Nel caso inerente all’FC Lugano, non è forse un… caso che ad essere bersagliate - si presume da scommettitori - siano state proprio due figure come quella dell’allenatore e del giocatore faro della squadra, bersagli facili a cui attribuire la responsabilità di una sconfitta... monetaria. Violenza online, verso dove si sta andando? «Se non interveniamo, la direzione è quella di una normalizzazione dell’abuso: un contesto in cui insultare, minacciare o invadere la sfera privata di una persona diventa non solo accettato, ma persino previsto come “parte del gioco”. È una deriva culturale che non colpisce solo lo sport, ma la convivenza civile nel suo complesso».

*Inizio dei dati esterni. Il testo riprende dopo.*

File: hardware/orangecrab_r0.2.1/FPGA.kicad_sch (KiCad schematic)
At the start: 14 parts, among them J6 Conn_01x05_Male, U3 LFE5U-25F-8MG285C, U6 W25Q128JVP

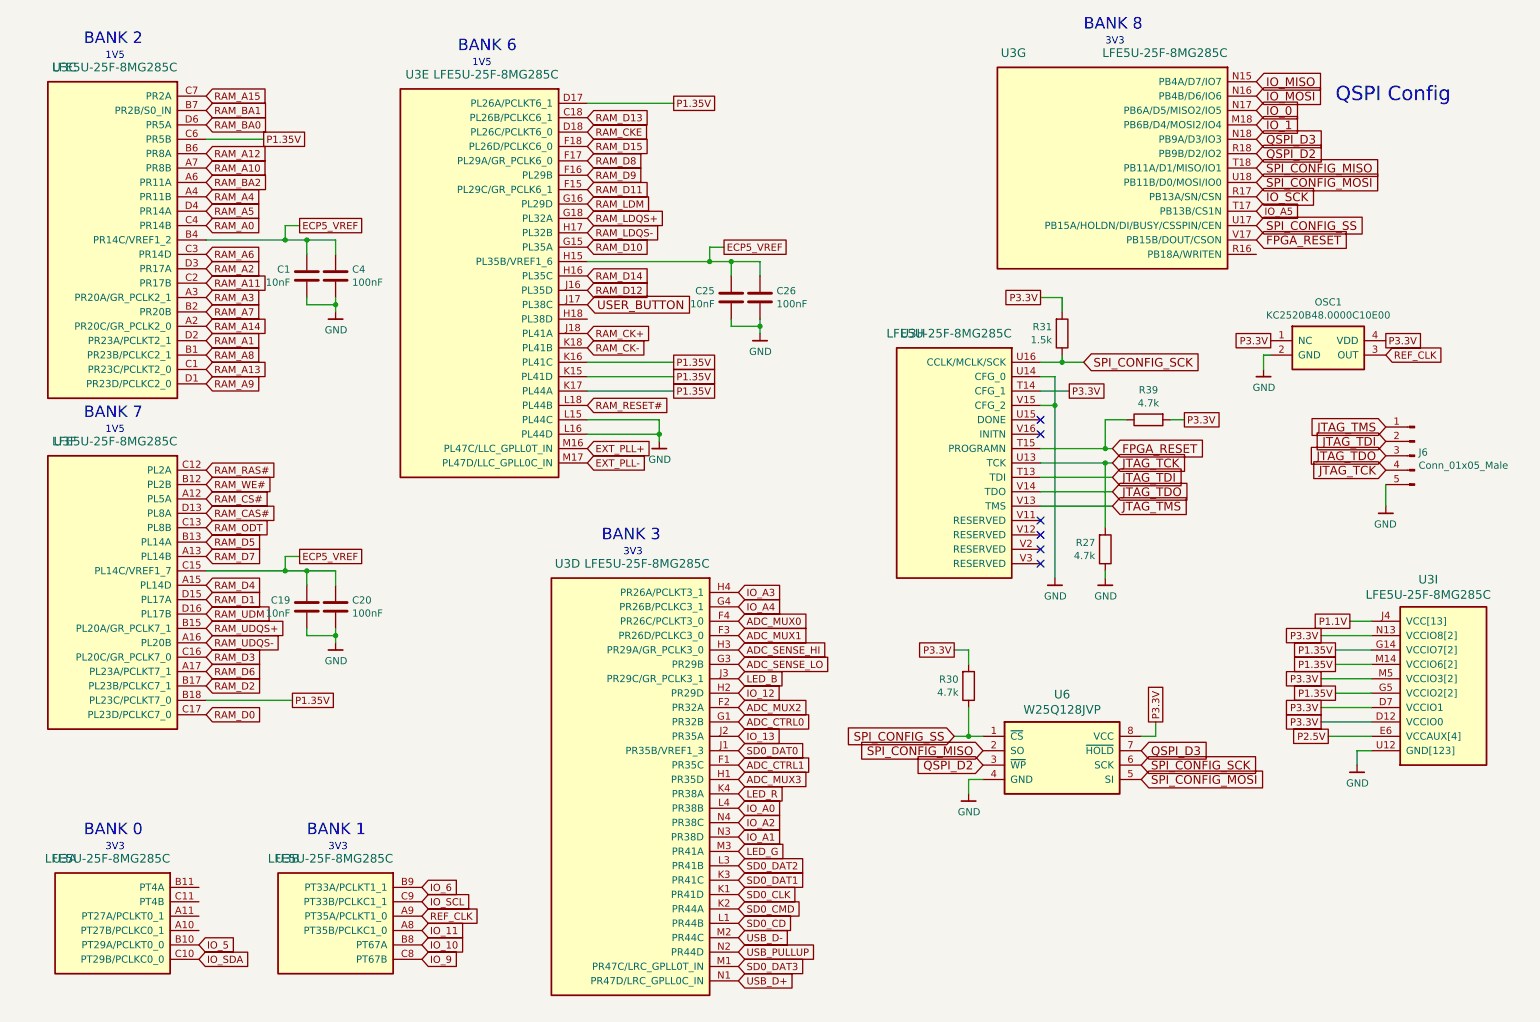
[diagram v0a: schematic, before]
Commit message: hw.r0p2p1: Copy/Paste FPGA sheet contents
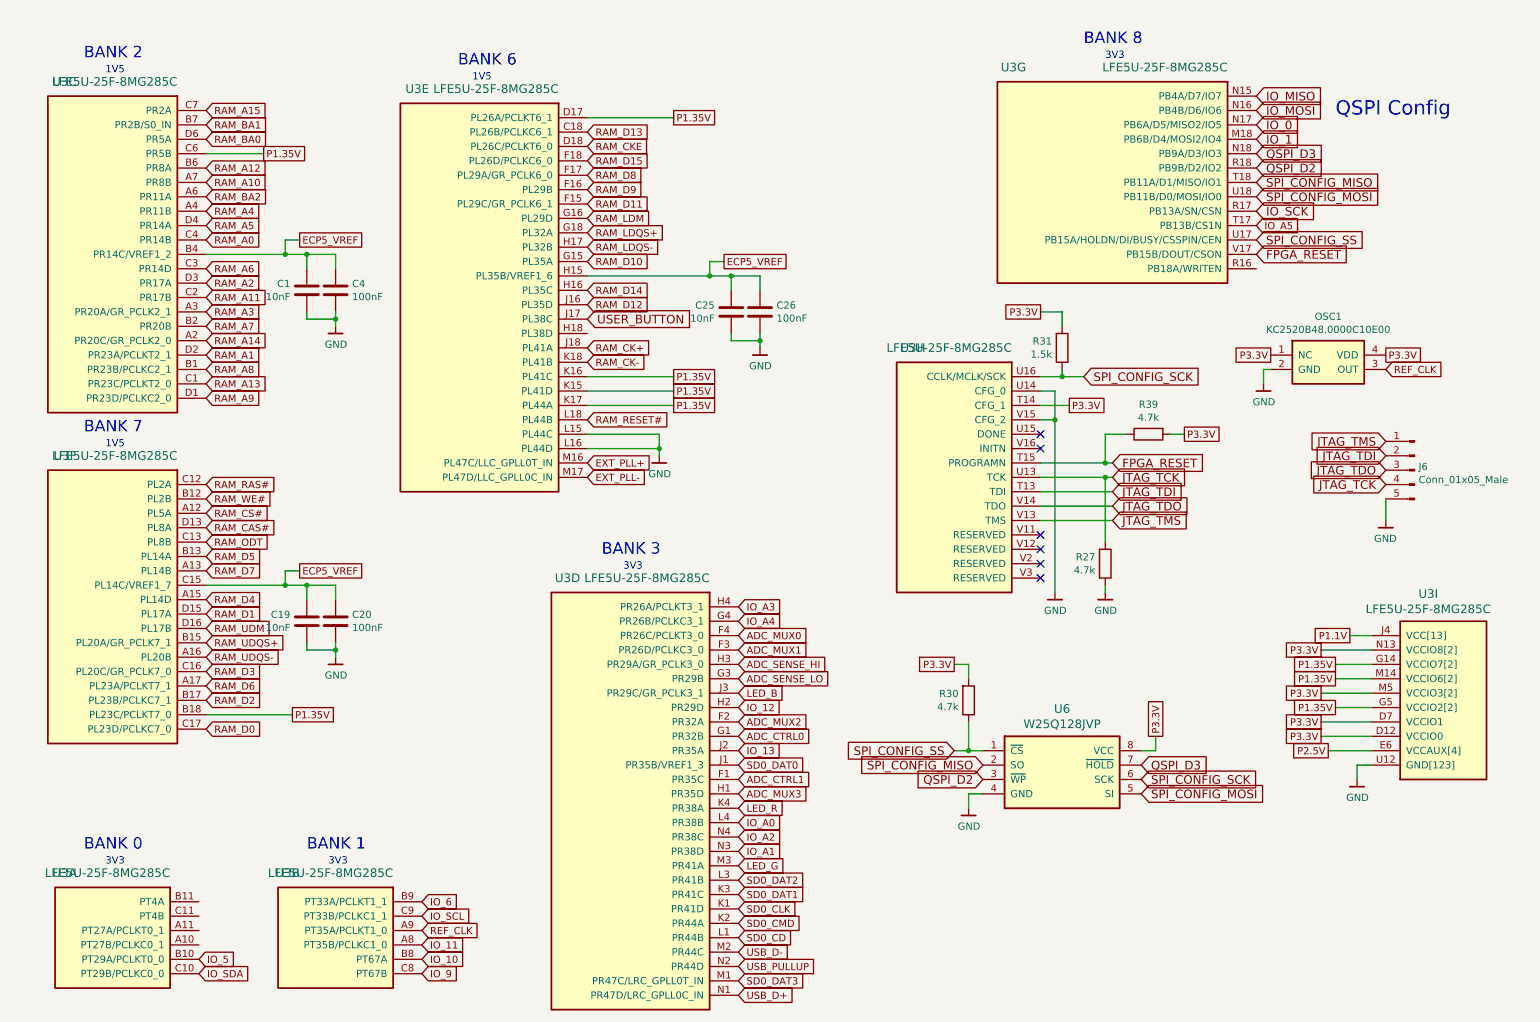
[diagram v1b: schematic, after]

Quali le possibili soluzioni al problema? Per Giovanni Ziccardi occorre una strategia a più livelli. «Primo: educazione digitale capillare, che non si limiti a nozioni tecniche ma lavori sulle competenze emotive e sulla responsabilità personale in rete». Secondo: «Un rafforzamento delle norme e della loro applicazione, affinché le minacce online non restino impunite - oggi la percezione di impunità è uno dei motori principali dell’aggressività». Terzo punto: «Un coinvolgimento diretto delle piattaforme tecnologiche, che dovrebbero implementare sistemi predittivi di rilevamento e prevenzione, non solo moderazione a posteriori. Servono poi narrazioni alternative che mostrino l’atleta come persona, non come avatar su cui proiettare frustrazioni o pretese. In altre parole, il problema non si risolve solo con filtri e algoritmi, ma con un cambiamento di mentalità collettivo».